Trellis Source Coding Methods for Low Rates and Short Blocks

Sammanfattning: Trellis quantization is a finite state machine based method for data compression. It is mainly applied to quantizing noise-like sources. In this thesis new trellis codes suitable for low rate quantization are derived. Rate-distortion theory predicts source coding performance, but unfortunately provides only limited insight in how to construct good codes. In general, good trellis source codes combine a good trellis structure with suitable reproducer values. Further, to obtain excellent performance good codes must be combined with suitable trellis search algorithms. All these code design topics are addressed in the thesis. The new contributions can be divided into four main parts. The first considers the pure form trellis coding problem, i.e., trellis code constructions consisting of a single trellis populated by reproducer letters. These codes do not require further processing such as entropy coding. Entropy-constrained trellis codes are treated separately. We compare a method based on simple scaling of the set of reproducer values to constructions with individually optimized reproducer levels. Results show that the proposed methods are competitive with the best in the literature. Many real-life systems for data transmission are based on short information blocks and it is shown that the Viterbi search algorithm is not suitable for such short source sequences. Instead we propose a method based on the tailbiting BCJR algorithm and derive it from rate-distortion theoretic arguments. The thesis provides one of the first major studies of the tailbiting BCJR algorithm for source coding.

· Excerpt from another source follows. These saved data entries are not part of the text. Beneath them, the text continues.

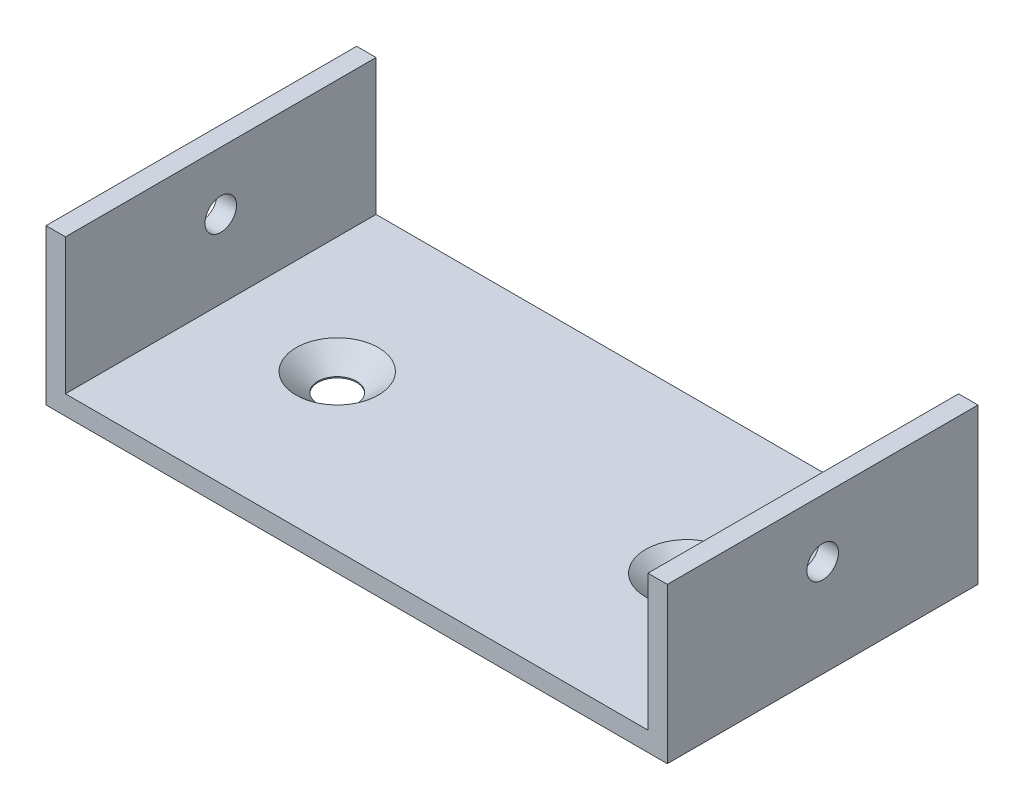
ISO-10303-21;
HEADER;
FILE_DESCRIPTION(('STEP AP214'),'2;1');
FILE_NAME('part.step','',(''),(''),'','','');
FILE_SCHEMA(('AUTOMOTIVE_DESIGN { 1 0 10303 214 1 1 1 1 }'));
ENDSEC;
DATA;
#1=APPLICATION_CONTEXT('core data for automotive mechanical design processes');
#2=APPLICATION_PROTOCOL_DEFINITION('international standard','automotive_design',2000,#1);
#3=PRODUCT_CONTEXT('',#1,'mechanical');
#4=PRODUCT('Part','Part','',(#3));
#5=PRODUCT_RELATED_PRODUCT_CATEGORY('part','',(#4));
#6=PRODUCT_DEFINITION_FORMATION('','',#4);
#7=PRODUCT_DEFINITION_CONTEXT('part definition',#1,'design');
#8=PRODUCT_DEFINITION('design','',#6,#7);
#9=PRODUCT_DEFINITION_SHAPE('','',#8);
#10=(LENGTH_UNIT() NAMED_UNIT(*) SI_UNIT(.MILLI.,.METRE.));
#11=(NAMED_UNIT(*) PLANE_ANGLE_UNIT() SI_UNIT($,.RADIAN.));
#12=(NAMED_UNIT(*) SI_UNIT($,.STERADIAN.) SOLID_ANGLE_UNIT());
#13=UNCERTAINTY_MEASURE_WITH_UNIT(LENGTH_MEASURE(1.E-05),#10,'distance_accuracy_value','');
#14=(GEOMETRIC_REPRESENTATION_CONTEXT(3) GLOBAL_UNCERTAINTY_ASSIGNED_CONTEXT((#13)) GLOBAL_UNIT_ASSIGNED_CONTEXT((#10,
#11,#12)) REPRESENTATION_CONTEXT('',''));
#15=CARTESIAN_POINT('',(0.,0.,0.));
#16=DIRECTION('',(0.,0.,1.));
#17=DIRECTION('',(1.,0.,0.));
#18=AXIS2_PLACEMENT_3D('',#15,#16,#17);
#19=CARTESIAN_POINT('',(-47.625,12.7,25.4));
#20=DIRECTION('',(0.,-1.,0.));
#21=DIRECTION('',(1.,0.,0.));
#22=AXIS2_PLACEMENT_3D('',#19,#20,#21);
#23=PLANE('',#22);
#24=DIRECTION('',(-1.,0.,0.));
#25=VECTOR('',#24,1.);
#26=CARTESIAN_POINT('',(-47.625,12.7,-25.4));
#27=LINE('',#26,#25);
#28=CARTESIAN_POINT('',(-47.625,12.7,-25.4));
#29=VERTEX_POINT('',#28);
#30=CARTESIAN_POINT('',(-50.8,12.7,-25.4));
#31=VERTEX_POINT('',#30);
#32=EDGE_CURVE('E147',#29,#31,#27,.T.);
#33=ORIENTED_EDGE('',*,*,#32,.T.);
#34=DIRECTION('',(0.,0.,-1.));
#35=VECTOR('',#34,1.);
#36=CARTESIAN_POINT('',(-50.8,12.7,25.4));
#37=LINE('',#36,#35);
#38=CARTESIAN_POINT('',(-50.8,12.7,25.4));
#39=VERTEX_POINT('',#38);
#40=EDGE_CURVE('E11',#39,#31,#37,.T.);
#41=ORIENTED_EDGE('',*,*,#40,.F.);
#42=DIRECTION('',(-1.,0.,0.));
#43=VECTOR('',#42,1.);
#44=CARTESIAN_POINT('',(-47.625,12.7,25.4));
#45=LINE('',#44,#43);
#46=CARTESIAN_POINT('',(-47.625,12.7,25.4));
#47=VERTEX_POINT('',#46);
#48=EDGE_CURVE('E170',#47,#39,#45,.T.);
#49=ORIENTED_EDGE('',*,*,#48,.F.);
#50=DIRECTION('',(0.,0.,-1.));
#51=VECTOR('',#50,1.);
#52=CARTESIAN_POINT('',(-47.625,12.7,25.4));
#53=LINE('',#52,#51);
#54=EDGE_CURVE('E143',#47,#29,#53,.T.);
#55=ORIENTED_EDGE('',*,*,#54,.T.);
#56=EDGE_LOOP('',(#33,#41,#49,#55));
#57=FACE_BOUND('',#56,.T.);
#58=ADVANCED_FACE('F44',(#57),#23,.F.);
#59=CARTESIAN_POINT('',(-50.8,12.7,25.4));
#60=DIRECTION('',(1.,0.,0.));
#61=DIRECTION('',(0.,0.,-1.));
#62=AXIS2_PLACEMENT_3D('',#59,#60,#61);
#63=PLANE('',#62);
#64=CARTESIAN_POINT('',(-50.8,3.21584337728158,0.));
#65=DIRECTION('',(1.,0.,0.));
#66=DIRECTION('',(0.,0.,-1.));
#67=AXIS2_PLACEMENT_3D('',#64,#65,#66);
#68=CIRCLE('',#67,2.57975099999998);
#69=CARTESIAN_POINT('',(-50.8,3.21584337728158,-2.57975099999998));
#70=VERTEX_POINT('',#69);
#71=EDGE_CURVE('E244',#70,#70,#68,.T.);
#72=ORIENTED_EDGE('',*,*,#71,.T.);
#73=EDGE_LOOP('',(#72));
#74=FACE_BOUND('',#73,.T.);
#75=DIRECTION('',(0.,-1.,0.));
#76=VECTOR('',#75,1.);
#77=CARTESIAN_POINT('',(-50.8,12.7,-25.4));
#78=LINE('',#77,#76);
#79=CARTESIAN_POINT('',(-50.8,-12.7,-25.4));
#80=VERTEX_POINT('',#79);
#81=EDGE_CURVE('E151',#31,#80,#78,.T.);
#82=ORIENTED_EDGE('',*,*,#81,.T.);
#83=DIRECTION('',(0.,0.,-1.));
#84=VECTOR('',#83,1.);
#85=CARTESIAN_POINT('',(-50.8,-12.7,25.4));
#86=LINE('',#85,#84);
#87=CARTESIAN_POINT('',(-50.8,-12.7,25.4));
#88=VERTEX_POINT('',#87);
#89=EDGE_CURVE('E54',#88,#80,#86,.T.);
#90=ORIENTED_EDGE('',*,*,#89,.F.);
#91=DIRECTION('',(0.,-1.,0.));
#92=VECTOR('',#91,1.);
#93=CARTESIAN_POINT('',(-50.8,12.7,25.4));
#94=LINE('',#93,#92);
#95=EDGE_CURVE('E105',#39,#88,#94,.T.);
#96=ORIENTED_EDGE('',*,*,#95,.F.);
#97=ORIENTED_EDGE('',*,*,#40,.T.);
#98=EDGE_LOOP('',(#82,#90,#96,#97));
#99=FACE_BOUND('',#98,.T.);
#100=ADVANCED_FACE('F264',(#74,#99),#63,.F.);
#101=CARTESIAN_POINT('',(-50.8,-12.7,25.4));
#102=DIRECTION('',(0.,1.,0.));
#103=DIRECTION('',(0.,0.,1.));
#104=AXIS2_PLACEMENT_3D('',#101,#102,#103);
#105=PLANE('',#104);
#106=CARTESIAN_POINT('',(-28.575,-12.7,0.));
#107=DIRECTION('',(0.,1.,0.));
#108=DIRECTION('',(0.,0.,1.));
#109=AXIS2_PLACEMENT_3D('',#106,#107,#108);
#110=CIRCLE('',#109,3.17499999999999);
#111=CARTESIAN_POINT('',(-28.575,-12.7,3.17499999999999));
#112=VERTEX_POINT('',#111);
#113=EDGE_CURVE('E228',#112,#112,#110,.T.);
#114=ORIENTED_EDGE('',*,*,#113,.T.);
#115=EDGE_LOOP('',(#114));
#116=FACE_BOUND('',#115,.T.);
#117=CARTESIAN_POINT('',(28.575,-12.7,0.));
#118=DIRECTION('',(0.,1.,0.));
#119=DIRECTION('',(0.,0.,1.));
#120=AXIS2_PLACEMENT_3D('',#117,#118,#119);
#121=CIRCLE('',#120,3.17499999999999);
#122=CARTESIAN_POINT('',(28.575,-12.7,3.175));
#123=VERTEX_POINT('',#122);
#124=EDGE_CURVE('E152',#123,#123,#121,.T.);
#125=ORIENTED_EDGE('',*,*,#124,.T.);
#126=EDGE_LOOP('',(#125));
#127=FACE_BOUND('',#126,.T.);
#128=DIRECTION('',(1.,0.,0.));
#129=VECTOR('',#128,1.);
#130=CARTESIAN_POINT('',(-50.8,-12.7,-25.4));
#131=LINE('',#130,#129);
#132=CARTESIAN_POINT('',(50.8,-12.7,-25.4));
#133=VERTEX_POINT('',#132);
#134=EDGE_CURVE('E155',#80,#133,#131,.T.);
#135=ORIENTED_EDGE('',*,*,#134,.T.);
#136=DIRECTION('',(0.,0.,-1.));
#137=VECTOR('',#136,1.);
#138=CARTESIAN_POINT('',(50.8,-12.7,25.4));
#139=LINE('',#138,#137);
#140=CARTESIAN_POINT('',(50.8,-12.7,25.4));
#141=VERTEX_POINT('',#140);
#142=EDGE_CURVE('E181',#141,#133,#139,.T.);
#143=ORIENTED_EDGE('',*,*,#142,.F.);
#144=DIRECTION('',(1.,0.,0.));
#145=VECTOR('',#144,1.);
#146=CARTESIAN_POINT('',(-50.8,-12.7,25.4));
#147=LINE('',#146,#145);
#148=EDGE_CURVE('E193',#88,#141,#147,.T.);
#149=ORIENTED_EDGE('',*,*,#148,.F.);
#150=ORIENTED_EDGE('',*,*,#89,.T.);
#151=EDGE_LOOP('',(#135,#143,#149,#150));
#152=FACE_BOUND('',#151,.T.);
#153=ADVANCED_FACE('F191',(#116,#127,#152),#105,.F.);
#154=CARTESIAN_POINT('',(50.8,-12.7,25.4));
#155=DIRECTION('',(-1.,0.,0.));
#156=DIRECTION('',(0.,0.,1.));
#157=AXIS2_PLACEMENT_3D('',#154,#155,#156);
#158=PLANE('',#157);
#159=CARTESIAN_POINT('',(50.8,3.21584337728158,0.));
#160=DIRECTION('',(1.,0.,0.));
#161=DIRECTION('',(0.,0.,-1.));
#162=AXIS2_PLACEMENT_3D('',#159,#160,#161);
#163=CIRCLE('',#162,2.57975099999999);
#164=CARTESIAN_POINT('',(50.8,3.21584337728158,-2.57975099999999));
#165=VERTEX_POINT('',#164);
#166=EDGE_CURVE('E248',#165,#165,#163,.T.);
#167=ORIENTED_EDGE('',*,*,#166,.F.);
#168=EDGE_LOOP('',(#167));
#169=FACE_BOUND('',#168,.T.);
#170=DIRECTION('',(0.,1.,0.));
#171=VECTOR('',#170,1.);
#172=CARTESIAN_POINT('',(50.8,-12.7,-25.4));
#173=LINE('',#172,#171);
#174=CARTESIAN_POINT('',(50.8,12.7,-25.4));
#175=VERTEX_POINT('',#174);
#176=EDGE_CURVE('E158',#133,#175,#173,.T.);
#177=ORIENTED_EDGE('',*,*,#176,.T.);
#178=DIRECTION('',(0.,0.,-1.));
#179=VECTOR('',#178,1.);
#180=CARTESIAN_POINT('',(50.8,12.7,25.4));
#181=LINE('',#180,#179);
#182=CARTESIAN_POINT('',(50.8,12.7,25.4));
#183=VERTEX_POINT('',#182);
#184=EDGE_CURVE('E177',#183,#175,#181,.T.);
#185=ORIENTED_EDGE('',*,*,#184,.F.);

In the final part of the thesis the new trellis codes are applied to image coding. All trellises have in common a code design based on linear congruential (LC) recursions. These are the key elements in pseudo-random number generators. Here they are used to associate the trellis branches with reproducer values. LC trellis codes are easy to generate and analyze. In addition to competitive performance the new codes easily adapt to different sources, state sizes, and coding rates. We also point out two label correlation measurements that predict good trellis code performance.